═════ DATASET RECORDS ═════

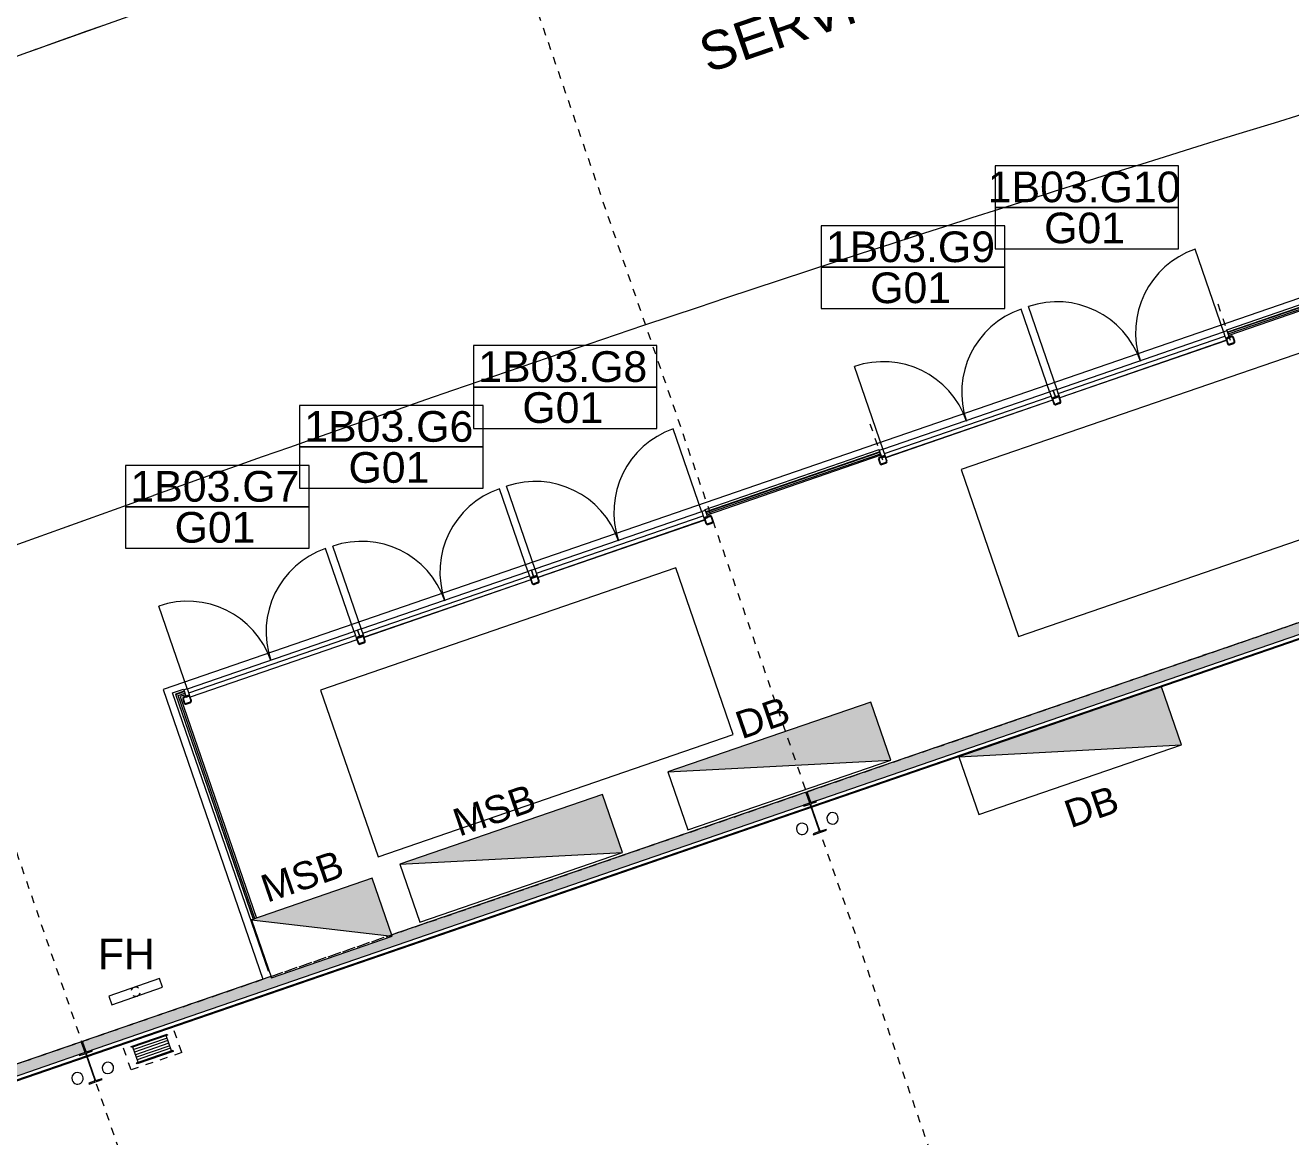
# Model space of a CAD drawing. Header units: metres. Extents: x -2477 to -2300, y 3875 to 4051.
# Drawn here: x -2411.54 to -2395.03, y 4010.75 to 4025.26 of the extents above; entities that cross this region are included whole.
import ezdxf

# ---------------------------------------------------------------- set-up
doc = ezdxf.new("R2010")
doc.units = ezdxf.units.M
for name, pattern in [('01 Dash', [0.005, 0.003, -0.002]), ('Grid Line', [0.021, 0.012, -0.003, 0.003, -0.003]), ('Hidden', [0.006, 0.004, -0.002]), ('Overhead', [0.004, 0.0025, -0.0015])]:
    doc.linetypes.add(name, pattern=pattern)
for name, color, linetype, lineweight in [('A-DETL', 90, 'Continuous', 13), ('A-DETL-GENF', 92, 'Continuous', 5), ('A-DOOR', 31, 'Continuous', 5), ('A-DOOR-IDEN', 31, 'Continuous', 5), ('A-FLOR', 192, 'Continuous', 5), ('A-FLOR-OVHD', 1, 'Overhead', 5), ('A-GENM', 13, 'Continuous', 5), ('A-GLAZ-CWMG', 51, 'Continuous', 5), ('A-WALL', 113, 'Continuous', 5), ('A-WALL-FNSH', 113, 'Continuous', 13), ('A-WALL-PATT', 111, 'Continuous', 13), ('C-TOPO', 7, 'Continuous', 5), ('F-FIRE', 13, 'Continuous', 5), ('F-FIRE-IDEN', 13, 'Continuous', 5), ('G-ANNO-TEXT', 231, 'Continuous', 5), ('P-SANR-FIXT', 6, 'Continuous', 5), ('P-SANR-FIXT-HDLN', 131, 'Hidden', 5), ('S-BEAM', 12, 'Continuous', 5), ('S-COLS', 52, 'Continuous', 5), ('S-GRID', 1, 'Continuous', 5)]:
    doc.layers.add(name, color=color, linetype=linetype, lineweight=lineweight)
doc.styles.add('Arial', font='arial.ttf', dxfattribs={"height": 0.5})
doc.styles.add('Arial_1', font='arial.ttf', dxfattribs={"height": 0.36})
doc.styles.add('Arial_3', font='arial.ttf', dxfattribs={"height": 0.4})

# ---------------------------------------------------------------- blocks, each defined once
blk = doc.blocks.new('Hydrant_double4 - Hydrant_double-1019364-GA - Part A')
at = {"layer": 'F-FIRE'}
for p, q in [((-2397.509, 3973.38), (-2398.171, 3973.152)), ((-2397.47, 3973.267), (-2397.509, 3973.38)), ((-2398.132, 3973.039), (-2397.47, 3973.267)), ((-2398.171, 3973.152), (-2398.132, 3973.039))]:
    blk.add_line(p, q, dxfattribs=at)
for start, end in [(51.9968, 166.004), (232.2364, 346.004)]:
    blk.add_arc((-2397.82, 3973.209), 0.06, start, end, dxfattribs=at)
blk = doc.blocks.new('Mechanical - Condensers - Mechanical - Condensers-1249279-GA - Part A')
at = {"layer": 'A-GENM', "lineweight": 13}
for p, q in [((-2394.698, 4021.053), (-2399.331, 4019.458)), ((-2399.331, 4019.458), (-2398.582, 4017.283)), ((-2398.582, 4017.283), (-2393.949, 4018.879)), ((-2403.056, 4018.175), (-2407.69, 4016.58)), ((-2402.308, 4016.001), (-2403.056, 4018.175)), ((-2407.69, 4016.58), (-2406.941, 4014.405)), ((-2406.941, 4014.405), (-2402.308, 4016.001))]:
    blk.add_line(p, q, dxfattribs=at)
blk = doc.blocks.new('Plumbing_FHR_AAA - 500mm Dia x 240mm D-1557692-GA - Part A')
at = {"layer": 'P-SANR-FIXT'}
for p, q in [((-0.125, 0.4045), (0.375, 0.4045)), ((-0.125, 0.3895), (-0.125, 0.4045)), ((0.375, 0.3895), (-0.125, 0.3895)), ((-0.105, 0.3895), (-0.105, 0.1795)), ((-0.105, 0.3545), (0.355, 0.3545)), ((0.355, 0.3895), (0.355, 0.1795)), ((0.375, 0.4045), (0.375, 0.3895)), ((-0.125, 0.1795), (0.375, 0.1795)), ((-0.125, 0.1645), (-0.125, 0.1795)), ((-0.105, 0.3195), (0.355, 0.3195)), ((-0.105, 0.2845), (0.355, 0.2845)), ((-0.105, 0.2495), (0.355, 0.2495)), ((-0.105, 0.2145), (0.355, 0.2145)), ((0.375, 0.1795), (0.375, 0.1645)), ((0.375, 0.1645), (-0.125, 0.1645))]:
    blk.add_line(p, q, dxfattribs=at)
at = {"layer": 'P-SANR-FIXT-HDLN'}
for p, q in [((-0.225, 0.4545), (-0.225, 0.1045)), ((-0.225, 0.4545), (0.475, 0.4545)), ((0.475, 0.4545), (0.475, 0.1045))]:
    blk.add_line(p, q, dxfattribs=at)
blk = doc.blocks.new('Downpipe - L Spreader - Default-3252010-GA - Part A')
at = {"layer": 'P-SANR-FIXT'}
for start, end in [(0, 180), (180, 0)]:
    blk.add_arc((-0.04, 0.15), 0.075, start, end, dxfattribs=at)
blk = doc.blocks.new('Downpipe - L Spreader - Default-3251983-GA - Part A')
at = {"layer": 'P-SANR-FIXT'}
for start, end in [(360, 180), (180, 360)]:
    blk.add_arc((-0.04, -0.15), 0.075, start, end, dxfattribs=at)
blk = doc.blocks.new('Structural Framing 46 - Structural Framing 1-1621990-GA - Part A')
at = {"layer": 'S-BEAM', "lineweight": 13}
for p, q in [((-2410.673, 4011.883), (-2410.841, 4011.825)), ((-2410.837, 4011.813), (-2410.767, 4011.837)), ((-2410.753, 4011.83), (-2410.636, 4011.491)), ((-2410.629, 4011.494), (-2410.745, 4011.832)), ((-2410.738, 4011.847), (-2410.669, 4011.871)), ((-2410.669, 4011.871), (-2410.673, 4011.883)), ((-2410.841, 4011.825), (-2410.837, 4011.813)), ((-2410.709, 4011.441), (-2410.541, 4011.499)), ((-2410.545, 4011.511), (-2410.614, 4011.487)), ((-2410.541, 4011.499), (-2410.545, 4011.511)), ((-2410.643, 4011.477), (-2410.713, 4011.453)), ((-2410.713, 4011.453), (-2410.709, 4011.441))]:
    blk.add_line(p, q, dxfattribs=at)
for centre, start, end in [((-2410.763, 4011.826), 19.0004, 109.0004), ((-2410.735, 4011.836), 109.0004, 199.0004), ((-2410.647, 4011.488), 289.0004, 19.0004), ((-2410.618, 4011.498), 199.0004, 289.0004)]:
    blk.add_arc(centre, 0.0114, start, end, dxfattribs=at)
blk = doc.blocks.new('Structural Framing 5 - Structural Framing 1-1638361-GA - Part A')
at = {"layer": 'S-BEAM', "lineweight": 13}
for p, q in [((-2401.222, 4015.137), (-2401.39, 4015.079)), ((-2401.218, 4015.125), (-2401.222, 4015.137)), ((-2401.39, 4015.079), (-2401.386, 4015.067)), ((-2401.386, 4015.067), (-2401.316, 4015.091)), ((-2401.302, 4015.084), (-2401.186, 4014.746)), ((-2401.178, 4014.748), (-2401.295, 4015.086)), ((-2401.288, 4015.101), (-2401.218, 4015.125)), ((-2401.193, 4014.731), (-2401.262, 4014.707)), ((-2401.262, 4014.707), (-2401.258, 4014.695)), ((-2401.258, 4014.695), (-2401.09, 4014.753)), ((-2401.094, 4014.765), (-2401.164, 4014.741)), ((-2401.09, 4014.753), (-2401.094, 4014.765))]:
    blk.add_line(p, q, dxfattribs=at)
for centre, start, end in [((-2401.313, 4015.08), 19.0004, 109.0004), ((-2401.284, 4015.09), 109.0004, 199.0004), ((-2401.196, 4014.742), 289.0004, 19.0004), ((-2401.167, 4014.752), 199.0004, 289.0004)]:
    blk.add_arc(centre, 0.0114, start, end, dxfattribs=at)
blk = doc.blocks.new('Curtain_Wall_Louvre_DoubleDoor - Louvre Double Door-3474384-GA - Part A')
at = {"layer": 'A-DOOR'}
for p, q in [((-1.15, 0.065), (-1.15, 0.067)), ((-1.15, 0.067), (1.15, 0.067)), ((-1.15, 0.008), (-1.15, 0.065)), ((-1.15, 0.065), (1.15, 0.065)), ((1.15, 0.008), (-1.15, 0.008)), ((1.15, 0.067), (1.15, 0.065)), ((1.15, 0.065), (1.15, 0.008)), ((-1.15, -0.042), (-1.15, -1.192)), ((1.15, -0.042), (1.15, -1.192))]:
    blk.add_line(p, q, dxfattribs=at)
for centre, start, end in [((-1.15, -0.042), 270, 0), ((1.15, -0.042), 180, 270)]:
    blk.add_arc(centre, 1.15, start, end, dxfattribs=at)
blk = doc.blocks.new('Rectangular Mullion - 50x100mm-3466163-GA - Part A')
at = {"layer": 'A-GLAZ-CWMG'}
blk.add_line((-2407.16, 4017.381), (-2404.986, 4018.129), dxfattribs=at)
blk = doc.blocks.new('Rectangular Mullion - 50x100mm-3397065-GA - Part A')
at = {"layer": 'A-GLAZ-CWMG'}
for p, q in [((-0.05, 0.05), (0, 0.05)), ((-0.05, -0.008), (-0.05, 0.05)), ((0, 0.05), (0, -0.035)), ((0, -0.05), (-0.038, -0.05)), ((0, -0.044), (0, -0.05))]:
    blk.add_line(p, q, dxfattribs=at)
blk = doc.blocks.new('Rectangular Mullion - 50x100mm-3396235-GA - Part A')
at = {"layer": 'A-GLAZ-CWMG'}
for p, q in [((0, 0.05), (-0.05, 0.05)), ((-0.05, 0.05), (-0.05, -0.008)), ((0, -0.035), (0, 0.05)), ((-0.038, -0.05), (0, -0.05)), ((0, -0.05), (0, -0.044))]:
    blk.add_line(p, q, dxfattribs=at)
blk = doc.blocks.new('Rectangular Mullion - LVR002 - Swaged Louvre-3470033-GA - Part A')
at = {"layer": 'A-GLAZ-CWMG'}
for p, q in [((-2402.655, 4018.884), (-2400.385, 4019.666)), ((-2400.379, 4019.647), (-2402.648, 4018.865))]:
    blk.add_line(p, q, dxfattribs=at)
blk = doc.blocks.new('Rectangular Mullion - LVR002 - Swaged Louvre-V160-GA - Part A')
at = {"layer": 'A-GLAZ-CWMG'}
for p, q in [((-2402.673, 4018.938), (-2400.404, 4019.719)), ((-2400.394, 4019.691), (-2402.663, 4018.909)), ((-2402.662, 4018.905), (-2400.392, 4019.687)), ((-2400.404, 4019.719), (-2400.4, 4019.708)), ((-2400.392, 4019.687), (-2400.394, 4019.691)), ((-2402.669, 4018.927), (-2402.673, 4018.938)), ((-2402.663, 4018.909), (-2402.662, 4018.905))]:
    blk.add_line(p, q, dxfattribs=at)
blk = doc.blocks.new('Rectangular Mullion - LVR002 - Swaged Louvre-3466449-GA - Part A')
at = {"layer": 'A-GLAZ-CWMG'}
for p, q in [((-2408.547, 4013.6), (-2409.549, 4016.51)), ((-2409.524, 4016.498), (-2408.528, 4013.606))]:
    blk.add_line(p, q, dxfattribs=at)
blk = doc.blocks.new('Rectangular Mullion - LVR002 - Swaged Louvre-V161-GA - Part A')
at = {"layer": 'A-GLAZ-CWMG'}
for p, q in [((-2408.37, 4012.913), (-2409.621, 4016.545)), ((-2409.578, 4016.524), (-2409.583, 4016.527)), ((-2409.583, 4016.527), (-2408.572, 4013.591)), ((-2408.568, 4013.593), (-2409.578, 4016.524)), ((-2408.363, 4012.916), (-2408.37, 4012.913))]:
    blk.add_line(p, q, dxfattribs=at)
blk = doc.blocks.new('Rectangular Mullion - LVR002 - Swaged Louvre-3466450-GA - Part A')
at = {"layer": 'A-GLAZ-CWMG'}
for p, q in [((-2409.549, 4016.51), (-2409.461, 4016.541)), ((-2409.455, 4016.522), (-2409.524, 4016.498))]:
    blk.add_line(p, q, dxfattribs=at)
blk = doc.blocks.new('Rectangular Mullion - LVR002 - Swaged Louvre-V162-GA - Part A')
at = {"layer": 'A-GLAZ-CWMG'}
for p, q in [((-2409.621, 4016.545), (-2409.48, 4016.594)), ((-2409.47, 4016.566), (-2409.583, 4016.527)), ((-2409.583, 4016.527), (-2409.578, 4016.524)), ((-2409.578, 4016.524), (-2409.469, 4016.562)), ((-2409.48, 4016.594), (-2409.476, 4016.583)), ((-2409.469, 4016.562), (-2409.47, 4016.566))]:
    blk.add_line(p, q, dxfattribs=at)
blk = doc.blocks.new('aba - Structural Column - Steel - SHS - SHS100x100x9-3123692-GA - Part A')
at = {"layer": 'S-COLS', "lineweight": 15}
for p, q in [((-0.05, 0.0275), (-0.05, -0.0275)), ((-0.041, -0.0275), (-0.041, 0.0275)), ((0.0275, 0.05), (-0.0275, 0.05)), ((-0.0275, 0.041), (0.0275, 0.041)), ((0.041, 0.0275), (0.041, -0.0275)), ((0.05, -0.0275), (0.05, 0.0275)), ((0.0275, -0.041), (-0.0275, -0.041)), ((-0.0275, -0.05), (0.0275, -0.05))]:
    blk.add_line(p, q, dxfattribs=at)
for centre, radius, start, end in [((-0.0275, 0.0275), 0.0225, 90, 180), ((-0.0275, 0.0275), 0.0135, 90, 180), ((0.0275, 0.0275), 0.0225, 360, 90), ((0.0275, 0.0275), 0.0135, 0, 90), ((-0.0275, -0.0275), 0.0225, 180, 270), ((-0.0275, -0.0275), 0.0135, 180, 270), ((0.0275, -0.0275), 0.0135, 270, 0), ((0.0275, -0.0275), 0.0225, 270, 360)]:
    blk.add_arc(centre, radius, start, end, dxfattribs=at)
blk = doc.blocks.new('aba - Structural Column - Steel - SHS - SHS100x100x9-V166-GA - Part A')
at = {"layer": 'S-COLS', "lineweight": 15}
for p, q in [((-0.05, 0.018), (-0.05, -0.028)), ((-0.041, -0.028), (-0.041, 0.027)), ((0.027, 0.05), (-0.028, 0.05)), ((-0.028, 0.041), (0.027, 0.041)), ((0.041, 0.027), (0.041, -0.028)), ((0.05, -0.028), (0.05, 0.018)), ((0.027, -0.041), (-0.028, -0.041)), ((-0.028, -0.05), (0.027, -0.05))]:
    blk.add_line(p, q, dxfattribs=at)
for centre, radius, start, end in [((-0.028, 0.027), 0.0225, 90, 176.1889), ((-0.028, 0.027), 0.0135, 90, 180), ((0.027, 0.027), 0.0225, 360, 90), ((0.027, 0.027), 0.0135, 0, 90), ((-0.028, -0.028), 0.0225, 180, 270), ((-0.028, -0.028), 0.0135, 180, 270), ((0.027, -0.028), 0.0225, 270, 360), ((0.027, -0.028), 0.0135, 270, 0)]:
    blk.add_arc(centre, radius, start, end, dxfattribs=at)
blk = doc.blocks.new('aba - Structural Column - Steel - SHS - SHS100x100x9-V167-GA - Part A')
at = {"layer": 'S-COLS', "lineweight": 15}
for p, q in [((-0.05, 0.018), (-0.05, -0.028)), ((-0.041, -0.028), (-0.041, 0.027)), ((0.027, 0.05), (-0.028, 0.05)), ((-0.028, 0.041), (0.027, 0.041)), ((0.041, 0.027), (0.041, -0.028)), ((0.05, -0.028), (0.05, 0.018)), ((0.027, -0.041), (-0.028, -0.041)), ((-0.028, -0.05), (0.027, -0.05))]:
    blk.add_line(p, q, dxfattribs=at)
for centre, radius, start, end in [((-0.028, 0.027), 0.0225, 90, 180), ((-0.028, 0.027), 0.0135, 90, 180), ((0.027, 0.027), 0.0225, 3.8111, 90), ((0.027, 0.027), 0.0135, 0, 90), ((-0.028, -0.028), 0.0225, 180, 270), ((-0.028, -0.028), 0.0135, 180, 270), ((0.027, -0.028), 0.0225, 270, 360), ((0.027, -0.028), 0.0135, 270, 0)]:
    blk.add_arc(centre, radius, start, end, dxfattribs=at)
blk = doc.blocks.new('aba - Structural Column - Steel - SHS - SHS100x100x9-V168-GA - Part A')
at = {"layer": 'S-COLS', "lineweight": 15}
for p, q in [((-0.05, 0.027), (-0.05, -0.028)), ((-0.041, -0.028), (-0.041, 0.027)), ((0.027, 0.05), (-0.028, 0.05)), ((-0.028, 0.041), (0.027, 0.041)), ((0.041, 0.027), (0.041, -0.028)), ((0.05, -0.028), (0.05, 0.018)), ((0.027, -0.041), (-0.028, -0.041)), ((-0.028, -0.05), (0.027, -0.05))]:
    blk.add_line(p, q, dxfattribs=at)
for centre, radius, start, end in [((-0.028, 0.027), 0.0225, 90, 180), ((-0.028, 0.027), 0.0135, 90, 180), ((0.027, 0.027), 0.0225, 3.8111, 90), ((0.027, 0.027), 0.0135, 0, 90), ((-0.028, -0.028), 0.0225, 180, 270), ((-0.028, -0.028), 0.0135, 180, 270), ((0.027, -0.028), 0.0225, 270, 360), ((0.027, -0.028), 0.0135, 270, 0)]:
    blk.add_arc(centre, radius, start, end, dxfattribs=at)
blk = doc.blocks.new('aba - Structural Column - Steel - SHS - SHS100x100x9-V169-GA - Part A')
at = {"layer": 'S-COLS', "lineweight": 15}
for p, q in [((-0.05, 0.027), (-0.05, -0.028)), ((-0.041, -0.028), (-0.041, 0.027)), ((0.027, 0.05), (-0.028, 0.05)), ((-0.028, 0.041), (0.027, 0.041)), ((0.041, 0.027), (0.041, -0.028)), ((0.05, -0.028), (0.05, 0.018)), ((0.027, -0.041), (-0.028, -0.041)), ((-0.028, -0.05), (0.027, -0.05))]:
    blk.add_line(p, q, dxfattribs=at)
for centre, radius, start, end in [((-0.028, 0.027), 0.0225, 90, 180), ((-0.028, 0.027), 0.0135, 90, 180), ((0.027, 0.027), 0.0225, 360, 90), ((0.027, 0.027), 0.0135, 0, 90), ((-0.028, -0.028), 0.0225, 180, 270), ((-0.028, -0.028), 0.0135, 180, 270), ((0.027, -0.028), 0.0225, 270, 360), ((0.027, -0.028), 0.0135, 270, 0)]:
    blk.add_arc(centre, radius, start, end, dxfattribs=at)
blk = doc.blocks.new('aba - Structural Column - Steel - SHS - SHS100x100x9-V170-GA - Part A')
at = {"layer": 'S-COLS', "lineweight": 15}
for p, q in [((-0.05, 0.018), (-0.05, -0.028)), ((-0.041, -0.028), (-0.041, 0.027)), ((0.027, 0.05), (-0.028, 0.05)), ((-0.028, 0.041), (0.027, 0.041)), ((0.041, 0.027), (0.041, -0.028)), ((0.05, -0.028), (0.05, 0.027)), ((0.027, -0.041), (-0.028, -0.041)), ((-0.028, -0.05), (0.027, -0.05))]:
    blk.add_line(p, q, dxfattribs=at)
for centre, radius, start, end in [((-0.028, 0.027), 0.0225, 90, 180), ((-0.028, 0.027), 0.0135, 90, 180), ((0.027, 0.027), 0.0225, 360, 90), ((0.027, 0.027), 0.0135, 0, 90), ((-0.028, -0.028), 0.0225, 180, 270), ((-0.028, -0.028), 0.0135, 180, 270), ((0.027, -0.028), 0.0225, 270, 360), ((0.027, -0.028), 0.0135, 270, 0)]:
    blk.add_arc(centre, radius, start, end, dxfattribs=at)
blk = doc.blocks.new('Rectangular Mullion - LVR002 - Swaged Louvre-3470202-GA - Part A')
at = {"layer": 'A-GLAZ-CWMG'}
for p, q in [((-2386.77, 4024.354), (-2382.231, 4025.917)), ((-2382.225, 4025.898), (-2386.763, 4024.335))]:
    blk.add_line(p, q, dxfattribs=at)
blk = doc.blocks.new('Rectangular Mullion - LVR002 - Swaged Louvre-V174-GA - Part A')
at = {"layer": 'A-GLAZ-CWMG'}
for p, q in [((-2395.865, 4021.282), (-2391.327, 4022.845)), ((-2391.317, 4022.816), (-2395.855, 4021.254)), ((-2395.854, 4021.25), (-2391.316, 4022.812)), ((-2391.327, 4022.845), (-2391.323, 4022.836)), ((-2391.316, 4022.812), (-2391.317, 4022.816)), ((-2395.861, 4021.271), (-2395.865, 4021.282)), ((-2395.855, 4021.254), (-2395.854, 4021.25))]:
    blk.add_line(p, q, dxfattribs=at)
blk = doc.blocks.new('Rectangular Mullion - 50x100mm-V176-GA - Part A')
at = {"layer": 'A-GLAZ-CWMG'}
for p, q in [((-0.05, 0.05), (0, 0.05)), ((-0.05, -0.008), (-0.05, 0.05)), ((0, 0.05), (0, -0.035)), ((0, -0.05), (-0.037, -0.05)), ((0, -0.044), (0, -0.05))]:
    blk.add_line(p, q, dxfattribs=at)
blk = doc.blocks.new('Rectangular Mullion - 50x100mm-V177-GA - Part A')
at = {"layer": 'A-GLAZ-CWMG'}
for p, q in [((0, 0.05), (-0.05, 0.05)), ((-0.05, 0.05), (-0.05, -0.008)), ((0, -0.035), (0, 0.05)), ((-0.038, -0.05), (0, -0.05)), ((0, -0.05), (0, -0.044))]:
    blk.add_line(p, q, dxfattribs=at)
blk = doc.blocks.new('Rectangular Mullion - 50x100mm-V178-GA - Part A')
at = {"layer": 'A-GLAZ-CWMG'}
for p, q in [((-0.05, 0.05), (0, 0.05)), ((-0.05, -0.008), (-0.05, 0.05)), ((0, 0.05), (0, -0.035)), ((0, -0.05), (-0.038, -0.05)), ((0, -0.044), (0, -0.05))]:
    blk.add_line(p, q, dxfattribs=at)
blk = doc.blocks.new('Rectangular Mullion - 50x100mm-V179-GA - Part A')
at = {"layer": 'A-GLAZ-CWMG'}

═════

TO DO:
Pull each line containing the word "Hidden" out of the data above.

YOUR RESPONSE:
for name, pattern in [('01 Dash', [0.005, 0.003, -0.002]), ('Grid Line', [0.021, 0.012, -0.003, 0.003, -0.003]), ('Hidden', [0.006, 0.004, -0.002]), ('Overhead', [0.004, 0.0025, -0.0015])]:
for name, color, linetype, lineweight in [('A-DETL', 90, 'Continuous', 13), ('A-DETL-GENF', 92, 'Continuous', 5), ('A-DOOR', 31, 'Continuous', 5), ('A-DOOR-IDEN', 31, 'Continuous', 5), ('A-FLOR', 192, 'Continuous', 5), ('A-FLOR-OVHD', 1, 'Overhead', 5), ('A-GENM', 13, 'Continuous', 5), ('A-GLAZ-CWMG', 51, 'Continuous', 5), ('A-WALL', 113, 'Continuous', 5), ('A-WALL-FNSH', 113, 'Continuous', 13), ('A-WALL-PATT', 111, 'Continuous', 13), ('C-TOPO', 7, 'Continuous', 5), ('F-FIRE', 13, 'Continuous', 5), ('F-FIRE-IDEN', 13, 'Continuous', 5), ('G-ANNO-TEXT', 231, 'Continuous', 5), ('P-SANR-FIXT', 6, 'Continuous', 5), ('P-SANR-FIXT-HDLN', 131, 'Hidden', 5), ('S-BEAM', 12, 'Continuous', 5), ('S-COLS', 52, 'Continuous', 5), ('S-GRID', 1, 'Continuous', 5)]:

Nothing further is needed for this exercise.